= John Zouche (died 1585) =

English politician

John Zouche (c. 1515 – 30 May 1585), of Ansty, Wiltshire, was an English politician.

==Family==
He was the younger son of John, 8th Baron Zouche, and his first wife Dorothy Capell, daughter of Sir William Capell.

He married, before 1545, Catherine St Leger, daughter of Sir George St Leger of Annery, Devon, and widow of George Courtenay of Powderham Castle, Devon. They had three or four sons, including Francis Zouche, MP; his stepson Sir William Courtenay was ancestor to the present Earl of Devon.

==Career==
On 10 November 1549, Zouche was knighted. He was bailiff for Thomas Seymour, Baron Seymour of Sudeley, the courtier, uncle of King Edward VI, husband of Katherine Parr and brother of Lord Protector Somerset.

In 1541 he leased the manor of Ansty, Wiltshire, and it was granted to him in 1546 in return for his services and £100. Until the Dissolution the manor had been the property of the Knights Hospitallers, who had a preceptory there.

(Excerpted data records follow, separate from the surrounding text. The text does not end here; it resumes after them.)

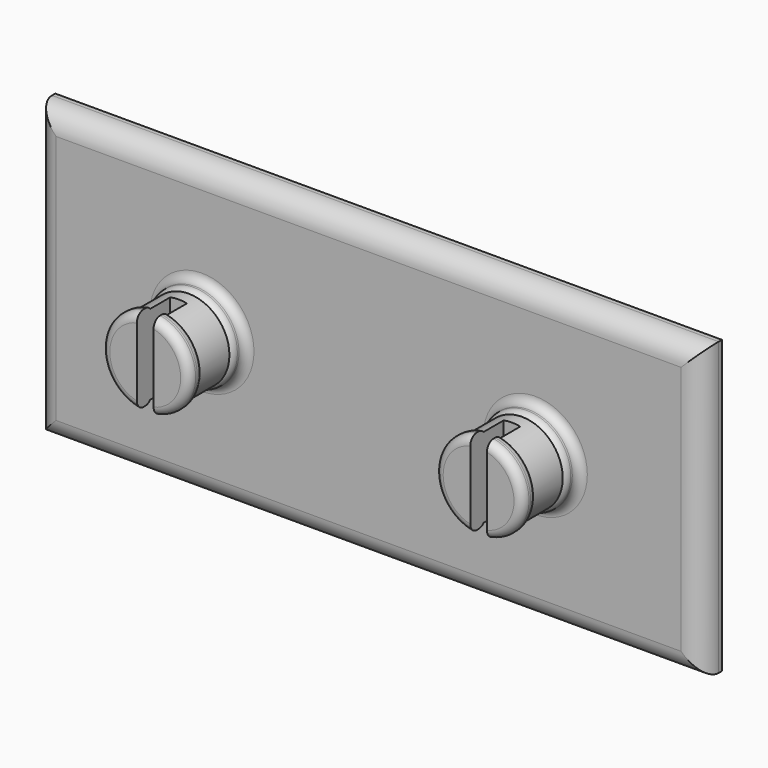
from build123d import *

# Parameters (mm, degrees)
F0_W      = 80
F0_H      = 35
F1_DEPTH  = 3
F2_R      = 5.25
F3_DEPTH  = 2
F4_R      = 4.9
F5_DEPTH  = 4.5
F6_R      = 5.25
F7_DEPTH  = 2
F9_W      = 2
F9_H      = 15
F10_DEPTH = 5
F11_R     = 2.5


# Not quite as in the source:
# - a fillet or chamfer that OpenCascade refuses, or shapes differently, is made with other operations: its cross-section is extruded or revolved along the edge and cut away or added


with BuildPart() as f1:
    # F0 (on Front) → F1 (new body)
    with BuildSketch(Plane.XZ):
        Rectangle(F0_W, F0_H)
    extrude(amount=F1_DEPTH)

    # F2 (on face) → F3 (join)
    with BuildSketch(Plane.XZ.offset(3)):
        with Locations((-20, 0)):
            Circle(F2_R)
        with Locations((20, 0)):
            Circle(F2_R)
    extrude(amount=F3_DEPTH)

    # F4 (on face) → F5 (join)
    with BuildSketch(Plane.XZ.offset(5)):
        with Locations((-20, 0)):
            Circle(F4_R)
        with Locations((20, 0)):
            Circle(F4_R)
    extrude(amount=F5_DEPTH)

    # F6 (on face) → F7 (join)
    with BuildSketch(Plane.XZ.offset(9.5)):
        with Locations((-20, 0)):
            Circle(F6_R)
        with Locations((20, 0)):
            Circle(F6_R)
    extrude(amount=F7_DEPTH)

    # F8: fillet of radius 1 on 8 edges, made by hand

    # F8_s1 → F8_t2 (revolve)
    with BuildSketch(Plane.XY):
        with BuildLine():
            ThreePointArc((-14.75, -4), (-14.4571067812, -3.2928932188), (-13.75, -3))
            Line((-13.75, -3), (-14.75, -3))
            Line((-14.75, -3), (-14.75, -4))
        make_face()
    revolve(axis=Axis((-20, -3, 0), (0, -1, 0)))

    # F8_s3 → F8_t4 (revolve)
    with BuildSketch(Plane.XY):
        with BuildLine():
            ThreePointArc((26.25, -3), (25.5428932188, -3.2928932188), (25.25, -4))
            Line((25.25, -4), (25.25, -3))
            Line((25.25, -3), (26.25, -3))
        make_face()
    revolve(axis=Axis((20, -3, 0), (0, -1, 0)))

    # F8_s5 → F8_t6 (revolve, cut)
    with BuildSketch(Plane.XY):
        with BuildLine():
            ThreePointArc((-14.75, -10.2599342077), (-14.8417048938, -9.8416041944), (-15.1, -9.5))
            Line((-15.1, -9.5), (-14.75, -9.5))
            Line((-14.75, -9.5), (-14.75, -10.2599342077))
        make_face()
    revolve(axis=Axis((-20, -9.5, 0), (0, -1, 0)), mode=Mode.SUBTRACT)

    # F8_s7 → F8_t8 (revolve, cut)
    with BuildSketch(Plane.XY):
        with BuildLine():
            ThreePointArc((-14.75, -10.5), (-15.0428932188, -11.2071067812), (-15.75, -11.5))
            Line((-15.75, -11.5), (-14.75, -11.5))
            Line((-14.75, -11.5), (-14.75, -10.5))
        make_face()
    revolve(axis=Axis((-20, -11.5, 0), (0, -1, 0)), mode=Mode.SUBTRACT)

    # F8_s9 → F8_t10 (revolve, cut)
    with BuildSketch(Plane.XY):
        with BuildLine():
            ThreePointArc((-15.1, -5), (-14.8417048938, -4.6583958056), (-14.75, -4.2400657923))
            Line((-14.75, -4.2400657923), (-14.75, -5))
            Line((-14.75, -5), (-15.1, -5))
        make_face()
    revolve(axis=Axis((-20, -5, 0), (0, -1, 0)), mode=Mode.SUBTRACT)

    # F8_s11 → F8_t12 (revolve, cut)
    with BuildSketch(Plane.XY):
        with BuildLine():
            ThreePointArc((25.25, -4.2400657923), (25.1582951062, -4.6583958056), (24.9, -5))
            Line((24.9, -5), (25.25, -5))
            Line((25.25, -5), (25.25, -4.2400657923))
        make_face()
    revolve(axis=Axis((20, -5, 0), (0, -1, 0)), mode=Mode.SUBTRACT)

    # F8_s13 → F8_t14 (revolve, cut)
    with BuildSketch(Plane.XY):
        with BuildLine():
            ThreePointArc((24.9, -9.5), (25.1582951062, -9.8416041944), (25.25, -10.2599342077))
            Line((25.25, -10.2599342077), (25.25, -9.5))
            Line((25.25, -9.5), (24.9, -9.5))
        make_face()
    revolve(axis=Axis((20, -9.5, 0), (0, -1, 0)), mode=Mode.SUBTRACT)

    # F8_s15 → F8_t16 (revolve, cut)
    with BuildSketch(Plane.XY):
        with BuildLine():
            ThreePointArc((25.25, -10.5), (24.9571067812, -11.2071067812), (24.25, -11.5))
            Line((24.25, -11.5), (25.25, -11.5))
            Line((25.25, -11.5), (25.25, -10.5))
        make_face()
    revolve(axis=Axis((20, -11.5, 0), (0, -1, 0)), mode=Mode.SUBTRACT)

    # F9 (on face) → F10 (cut)
    with BuildSketch(Plane.XZ.offset(11.5)):
        with Locations((-20, 0)):
            Rectangle(F9_W, F9_H)
        with Locations((20, 0)):
            Rectangle(F9_W, F9_H)
    extrude(amount=-F10_DEPTH, mode=Mode.SUBTRACT)

    # F11
    f11_edges = [f1.edges().sort_by_distance(p)[0] for p in [
        (-40, -3, 0),
        (0, -3, 17.5),
        (40, -3, 0),
        (0, -3, -17.5),
    ]]
    fillet(f11_edges, radius=F11_R)


solid = f1.part

He was a Member (MP) of the Parliament of England for Hindon in 1547 and Shaftesbury in 1559.

He is said to have been out of favour during the reign of Mary – his stepson William was a prominent critic of the Crown – and to have welcomed the accession of Elizabeth I. During Elizabeth's reign, he played a prominent and responsible role in local government.